TRY IT:
From the listing below, copy every line with the word "mode".

== GIVEN DATA ==

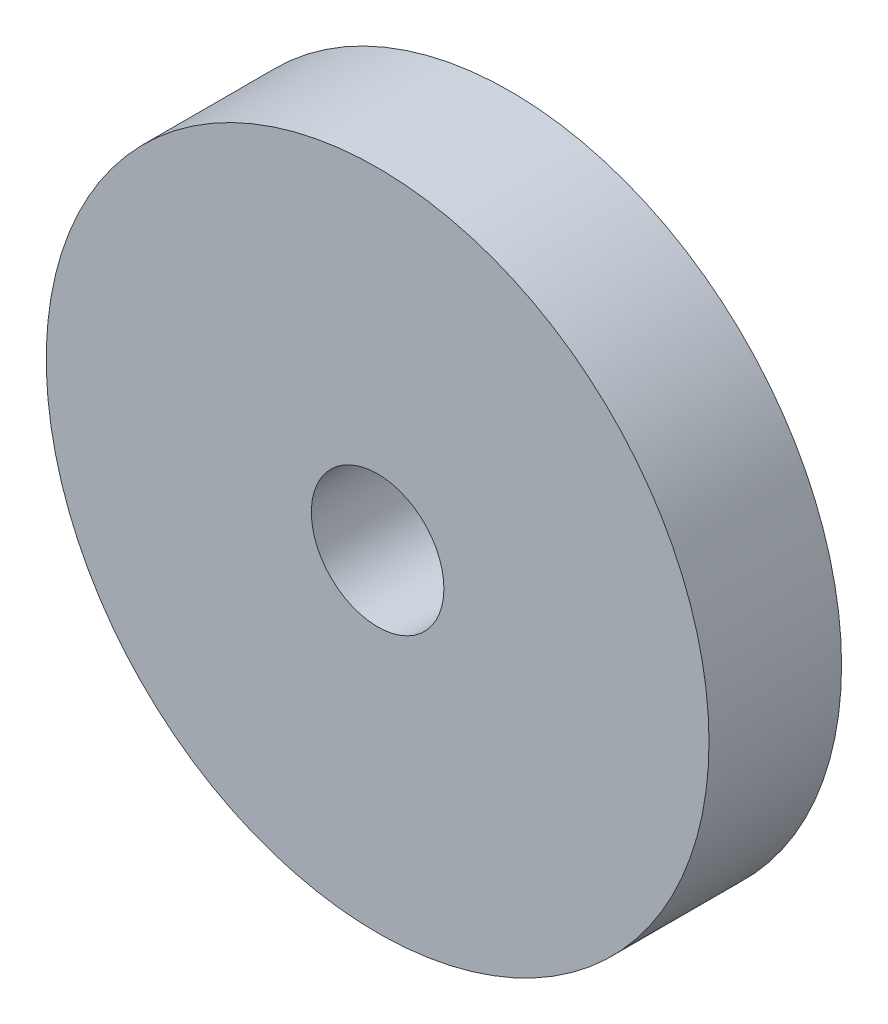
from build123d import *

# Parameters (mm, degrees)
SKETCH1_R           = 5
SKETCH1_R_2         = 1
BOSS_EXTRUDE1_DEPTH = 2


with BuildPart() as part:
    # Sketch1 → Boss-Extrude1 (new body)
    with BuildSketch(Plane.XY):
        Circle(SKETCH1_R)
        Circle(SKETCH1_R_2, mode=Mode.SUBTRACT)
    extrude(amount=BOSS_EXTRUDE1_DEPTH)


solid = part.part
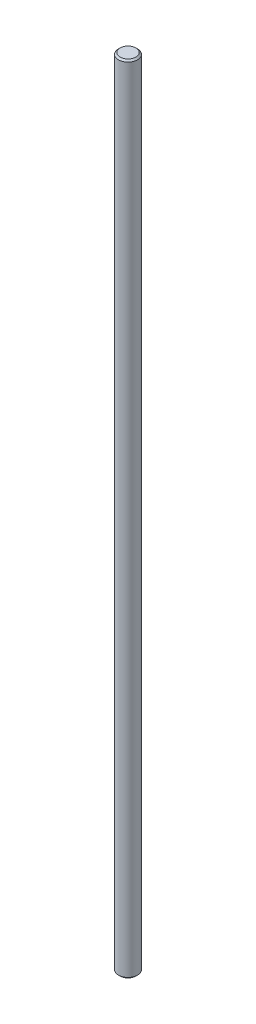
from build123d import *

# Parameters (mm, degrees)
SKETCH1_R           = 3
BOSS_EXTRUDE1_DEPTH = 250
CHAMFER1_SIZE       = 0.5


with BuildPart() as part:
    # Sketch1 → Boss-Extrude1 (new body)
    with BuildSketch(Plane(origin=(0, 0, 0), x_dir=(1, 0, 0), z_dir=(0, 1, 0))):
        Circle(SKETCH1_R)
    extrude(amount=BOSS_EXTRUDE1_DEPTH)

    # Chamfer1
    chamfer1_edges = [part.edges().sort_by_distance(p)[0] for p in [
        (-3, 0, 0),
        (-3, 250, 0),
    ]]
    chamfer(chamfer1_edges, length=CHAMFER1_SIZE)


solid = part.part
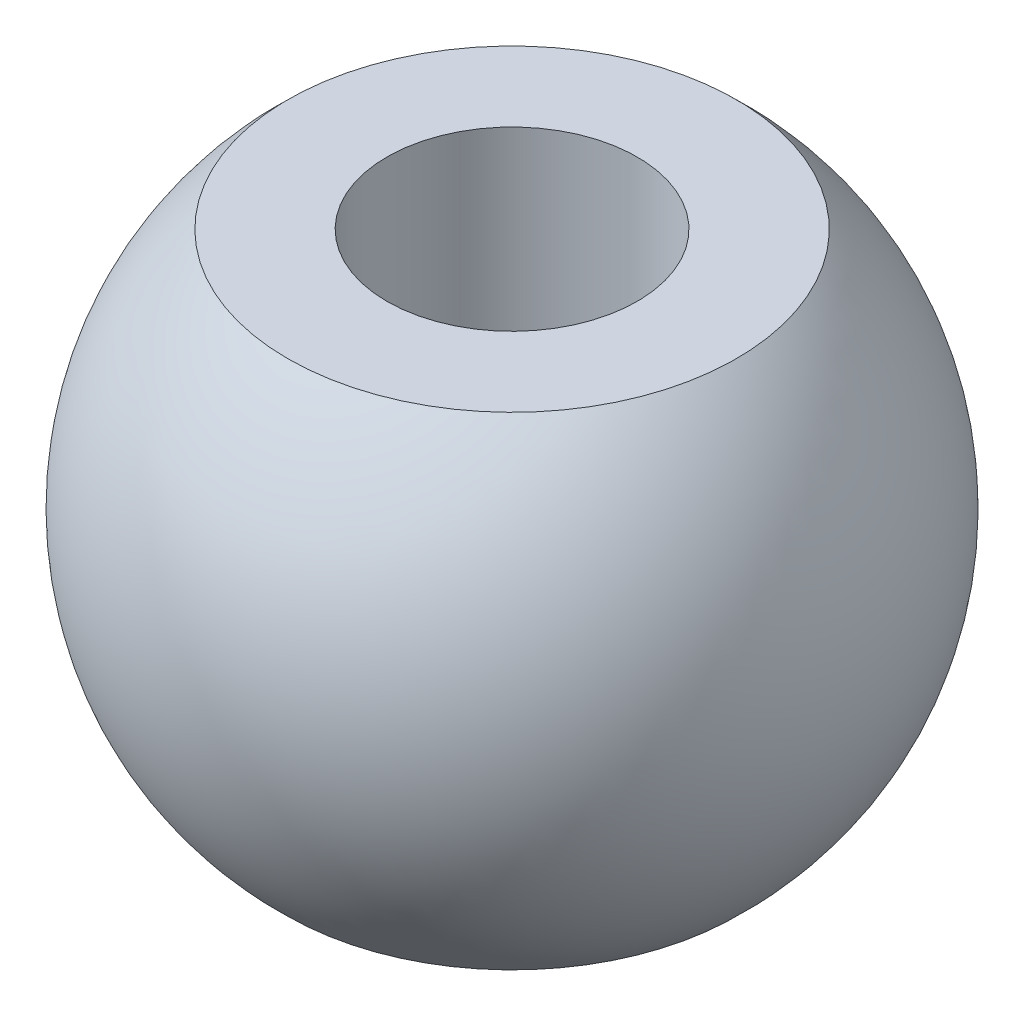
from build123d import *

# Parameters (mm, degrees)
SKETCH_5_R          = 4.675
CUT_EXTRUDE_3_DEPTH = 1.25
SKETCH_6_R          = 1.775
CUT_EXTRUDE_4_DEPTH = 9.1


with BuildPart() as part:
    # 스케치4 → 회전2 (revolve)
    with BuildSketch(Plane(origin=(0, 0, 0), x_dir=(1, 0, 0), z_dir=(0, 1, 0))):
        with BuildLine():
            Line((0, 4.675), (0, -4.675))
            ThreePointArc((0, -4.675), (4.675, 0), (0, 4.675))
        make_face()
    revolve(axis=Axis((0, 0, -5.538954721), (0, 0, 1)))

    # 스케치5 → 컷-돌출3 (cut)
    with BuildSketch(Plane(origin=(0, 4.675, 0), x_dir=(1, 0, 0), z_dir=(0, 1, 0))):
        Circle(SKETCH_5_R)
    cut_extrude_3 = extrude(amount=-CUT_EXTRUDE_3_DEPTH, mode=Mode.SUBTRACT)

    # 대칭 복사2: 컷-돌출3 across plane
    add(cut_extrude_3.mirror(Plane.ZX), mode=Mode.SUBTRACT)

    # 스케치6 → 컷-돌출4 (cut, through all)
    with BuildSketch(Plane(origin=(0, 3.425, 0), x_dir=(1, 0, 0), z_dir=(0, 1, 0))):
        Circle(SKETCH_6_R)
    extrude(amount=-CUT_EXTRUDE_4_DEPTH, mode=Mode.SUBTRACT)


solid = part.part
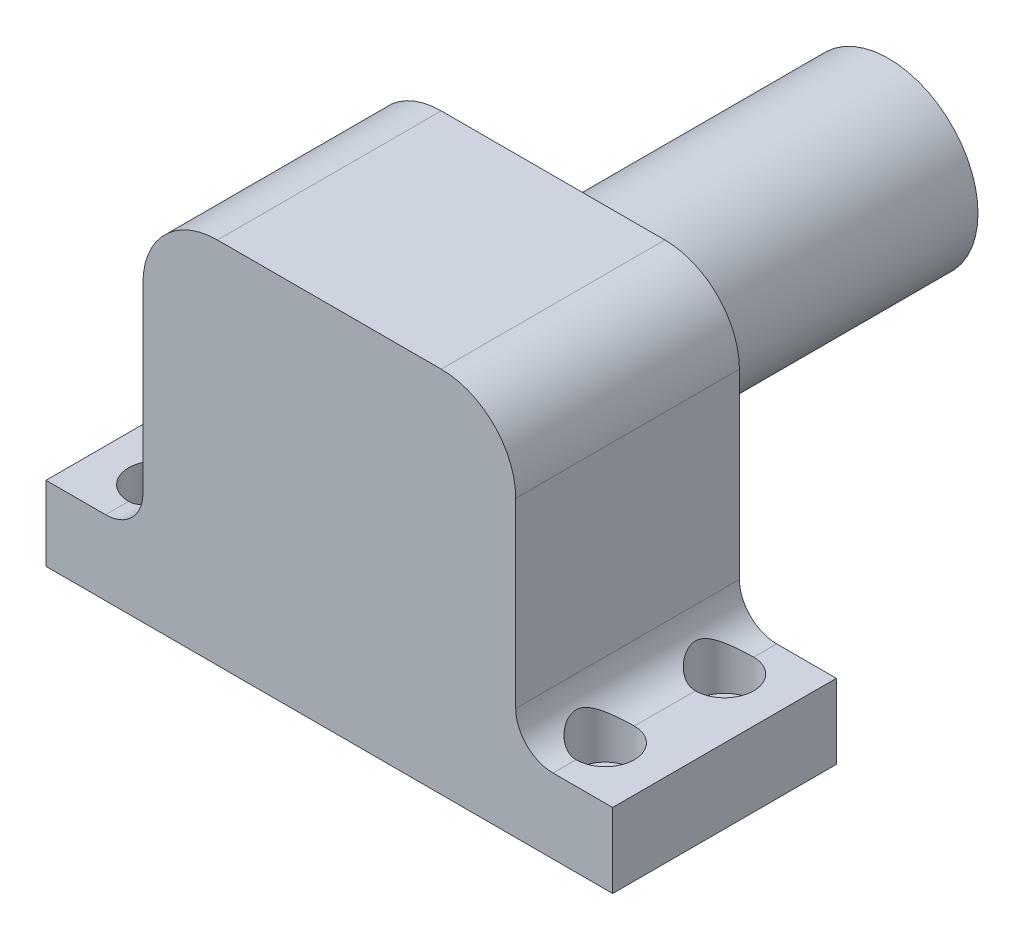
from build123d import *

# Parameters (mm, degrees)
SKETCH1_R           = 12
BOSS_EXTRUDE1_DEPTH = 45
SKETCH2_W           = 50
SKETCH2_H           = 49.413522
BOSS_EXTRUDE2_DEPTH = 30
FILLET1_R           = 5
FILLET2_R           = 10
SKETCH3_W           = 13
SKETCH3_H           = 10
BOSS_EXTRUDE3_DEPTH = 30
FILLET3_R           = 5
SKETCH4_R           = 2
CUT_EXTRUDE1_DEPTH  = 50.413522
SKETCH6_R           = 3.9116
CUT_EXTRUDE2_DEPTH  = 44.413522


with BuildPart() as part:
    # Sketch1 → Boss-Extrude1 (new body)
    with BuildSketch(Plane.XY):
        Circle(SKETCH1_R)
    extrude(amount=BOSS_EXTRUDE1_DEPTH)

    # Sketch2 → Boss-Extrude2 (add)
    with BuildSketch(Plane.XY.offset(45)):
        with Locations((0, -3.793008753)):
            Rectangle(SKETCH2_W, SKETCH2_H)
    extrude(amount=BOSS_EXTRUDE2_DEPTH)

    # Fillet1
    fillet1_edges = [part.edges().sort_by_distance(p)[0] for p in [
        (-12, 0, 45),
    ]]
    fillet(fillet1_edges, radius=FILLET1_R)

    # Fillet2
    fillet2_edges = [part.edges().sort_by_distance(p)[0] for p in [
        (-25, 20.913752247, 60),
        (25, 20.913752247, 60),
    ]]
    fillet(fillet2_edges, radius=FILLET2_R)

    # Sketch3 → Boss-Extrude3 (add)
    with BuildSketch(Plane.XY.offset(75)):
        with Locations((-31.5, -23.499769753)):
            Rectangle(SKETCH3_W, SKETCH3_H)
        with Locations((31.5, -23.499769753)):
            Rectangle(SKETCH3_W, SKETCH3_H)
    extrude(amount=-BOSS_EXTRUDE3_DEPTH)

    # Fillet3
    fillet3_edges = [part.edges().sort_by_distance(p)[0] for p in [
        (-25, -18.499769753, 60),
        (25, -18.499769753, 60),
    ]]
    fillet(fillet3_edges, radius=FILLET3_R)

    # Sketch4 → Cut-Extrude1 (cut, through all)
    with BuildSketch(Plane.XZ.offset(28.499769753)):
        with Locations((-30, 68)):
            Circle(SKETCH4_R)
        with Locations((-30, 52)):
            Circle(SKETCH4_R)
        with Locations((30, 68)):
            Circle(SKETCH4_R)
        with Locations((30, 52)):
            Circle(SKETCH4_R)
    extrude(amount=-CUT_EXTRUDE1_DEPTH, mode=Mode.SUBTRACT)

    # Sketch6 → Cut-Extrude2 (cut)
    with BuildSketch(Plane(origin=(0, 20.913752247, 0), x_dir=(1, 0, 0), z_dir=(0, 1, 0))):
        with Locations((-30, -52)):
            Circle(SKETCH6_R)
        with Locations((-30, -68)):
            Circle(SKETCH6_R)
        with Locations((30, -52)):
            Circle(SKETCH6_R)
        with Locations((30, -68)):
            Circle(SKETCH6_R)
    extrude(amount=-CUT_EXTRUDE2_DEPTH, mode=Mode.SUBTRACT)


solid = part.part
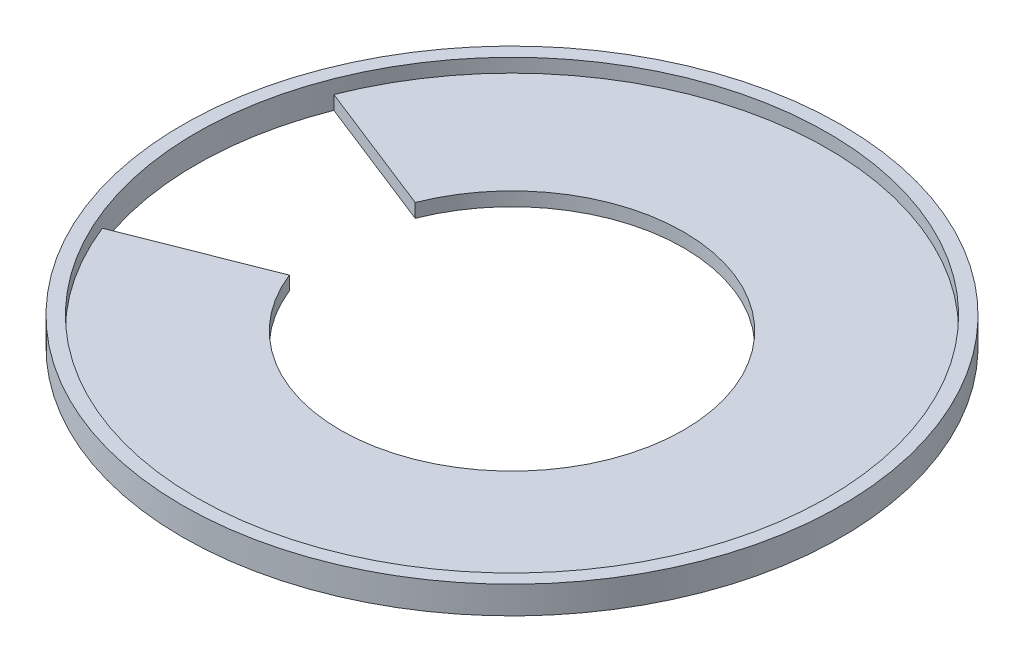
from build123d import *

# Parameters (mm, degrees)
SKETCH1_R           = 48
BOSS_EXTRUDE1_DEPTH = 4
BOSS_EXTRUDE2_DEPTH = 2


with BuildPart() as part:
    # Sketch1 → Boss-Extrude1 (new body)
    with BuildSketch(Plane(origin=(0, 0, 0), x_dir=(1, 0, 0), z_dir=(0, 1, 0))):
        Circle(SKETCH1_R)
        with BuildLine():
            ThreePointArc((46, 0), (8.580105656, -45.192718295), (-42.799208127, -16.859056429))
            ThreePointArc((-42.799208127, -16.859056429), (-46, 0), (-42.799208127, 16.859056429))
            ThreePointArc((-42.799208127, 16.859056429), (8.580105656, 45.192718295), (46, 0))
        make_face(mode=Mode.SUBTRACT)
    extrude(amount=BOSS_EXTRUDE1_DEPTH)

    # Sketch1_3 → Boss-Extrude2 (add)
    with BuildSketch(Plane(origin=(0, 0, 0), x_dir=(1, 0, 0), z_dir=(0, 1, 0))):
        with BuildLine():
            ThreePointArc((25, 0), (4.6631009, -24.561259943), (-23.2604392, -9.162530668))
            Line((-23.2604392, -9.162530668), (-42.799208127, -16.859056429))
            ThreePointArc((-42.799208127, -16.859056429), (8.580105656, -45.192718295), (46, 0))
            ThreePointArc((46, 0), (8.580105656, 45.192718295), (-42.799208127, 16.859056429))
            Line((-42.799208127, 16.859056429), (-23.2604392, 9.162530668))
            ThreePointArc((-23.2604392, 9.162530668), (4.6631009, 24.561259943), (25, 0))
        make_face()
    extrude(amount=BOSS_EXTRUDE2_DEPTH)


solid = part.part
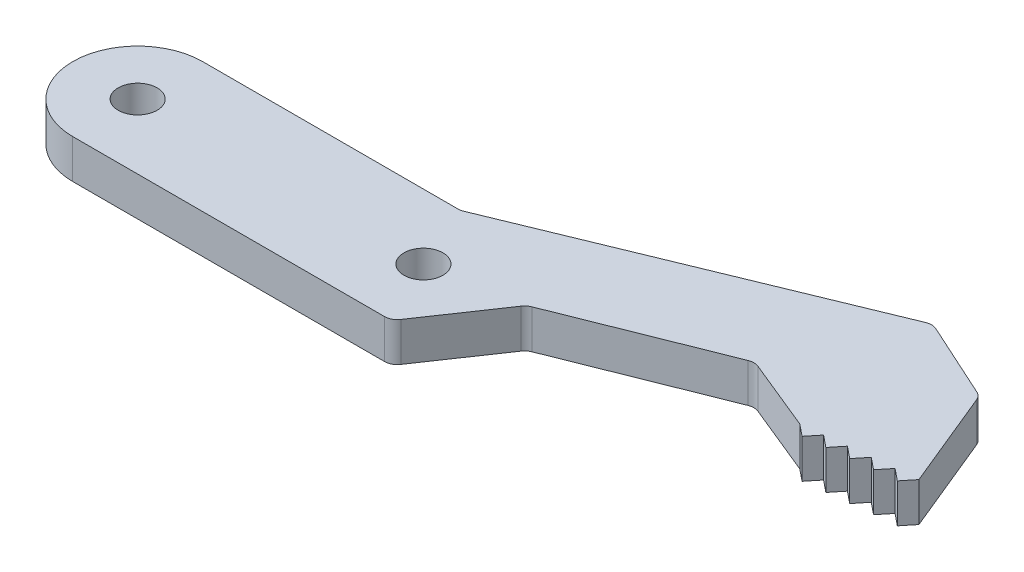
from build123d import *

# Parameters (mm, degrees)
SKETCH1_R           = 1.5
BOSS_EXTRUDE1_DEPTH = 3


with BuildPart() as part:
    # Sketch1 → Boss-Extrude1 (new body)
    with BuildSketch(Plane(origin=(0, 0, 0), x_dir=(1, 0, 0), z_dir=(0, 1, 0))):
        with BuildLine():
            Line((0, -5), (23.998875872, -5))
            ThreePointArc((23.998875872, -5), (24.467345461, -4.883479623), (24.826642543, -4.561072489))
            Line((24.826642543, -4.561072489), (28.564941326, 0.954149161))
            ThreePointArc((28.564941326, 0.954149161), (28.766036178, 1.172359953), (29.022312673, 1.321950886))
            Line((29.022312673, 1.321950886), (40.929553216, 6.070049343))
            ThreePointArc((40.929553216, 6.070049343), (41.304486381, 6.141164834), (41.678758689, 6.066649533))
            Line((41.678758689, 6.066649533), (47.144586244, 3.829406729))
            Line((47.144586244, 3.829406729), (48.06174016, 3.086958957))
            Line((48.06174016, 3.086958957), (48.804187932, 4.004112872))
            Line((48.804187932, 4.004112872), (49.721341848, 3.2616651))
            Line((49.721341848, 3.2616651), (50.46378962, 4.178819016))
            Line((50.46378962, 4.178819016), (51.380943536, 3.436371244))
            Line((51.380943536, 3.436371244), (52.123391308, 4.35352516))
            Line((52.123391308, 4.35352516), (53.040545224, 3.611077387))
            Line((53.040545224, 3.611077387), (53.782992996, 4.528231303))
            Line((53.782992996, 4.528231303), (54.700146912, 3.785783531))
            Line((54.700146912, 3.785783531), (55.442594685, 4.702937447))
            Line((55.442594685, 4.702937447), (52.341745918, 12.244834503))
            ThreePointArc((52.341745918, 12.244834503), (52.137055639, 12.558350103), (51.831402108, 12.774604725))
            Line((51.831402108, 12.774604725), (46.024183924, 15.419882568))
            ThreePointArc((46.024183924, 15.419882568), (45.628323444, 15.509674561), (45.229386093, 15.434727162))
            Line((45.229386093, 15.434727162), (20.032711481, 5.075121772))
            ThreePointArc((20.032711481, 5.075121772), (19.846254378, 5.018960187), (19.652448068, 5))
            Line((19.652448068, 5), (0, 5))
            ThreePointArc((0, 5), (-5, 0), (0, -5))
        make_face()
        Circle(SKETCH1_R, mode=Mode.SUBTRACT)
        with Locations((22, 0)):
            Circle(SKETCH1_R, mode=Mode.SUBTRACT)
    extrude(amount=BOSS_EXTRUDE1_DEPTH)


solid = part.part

===

SOLUTION TO THE PROBLEM:
        Circle(SKETCH1_R_2, mode=Mode.SUBTRACT)
    cut_extrude_3 = extrude(amount=-CUT_EXTRUDE_3_DEPTH, mode=Mode.SUBTRACT)
    add(cut_extrude_3.mirror(Plane.ZX), mode=Mode.SUBTRACT)
    extrude(amount=-CUT_EXTRUDE_4_DEPTH, mode=Mode.SUBTRACT)
    extrude(amount=-CUT_EXTRUDE1_DEPTH, mode=Mode.SUBTRACT)
    extrude(amount=-CUT_EXTRUDE2_DEPTH, mode=Mode.SUBTRACT)
        make_face(mode=Mode.SUBTRACT)
        Circle(SKETCH1_R, mode=Mode.SUBTRACT)
            Circle(SKETCH1_R, mode=Mode.SUBTRACT)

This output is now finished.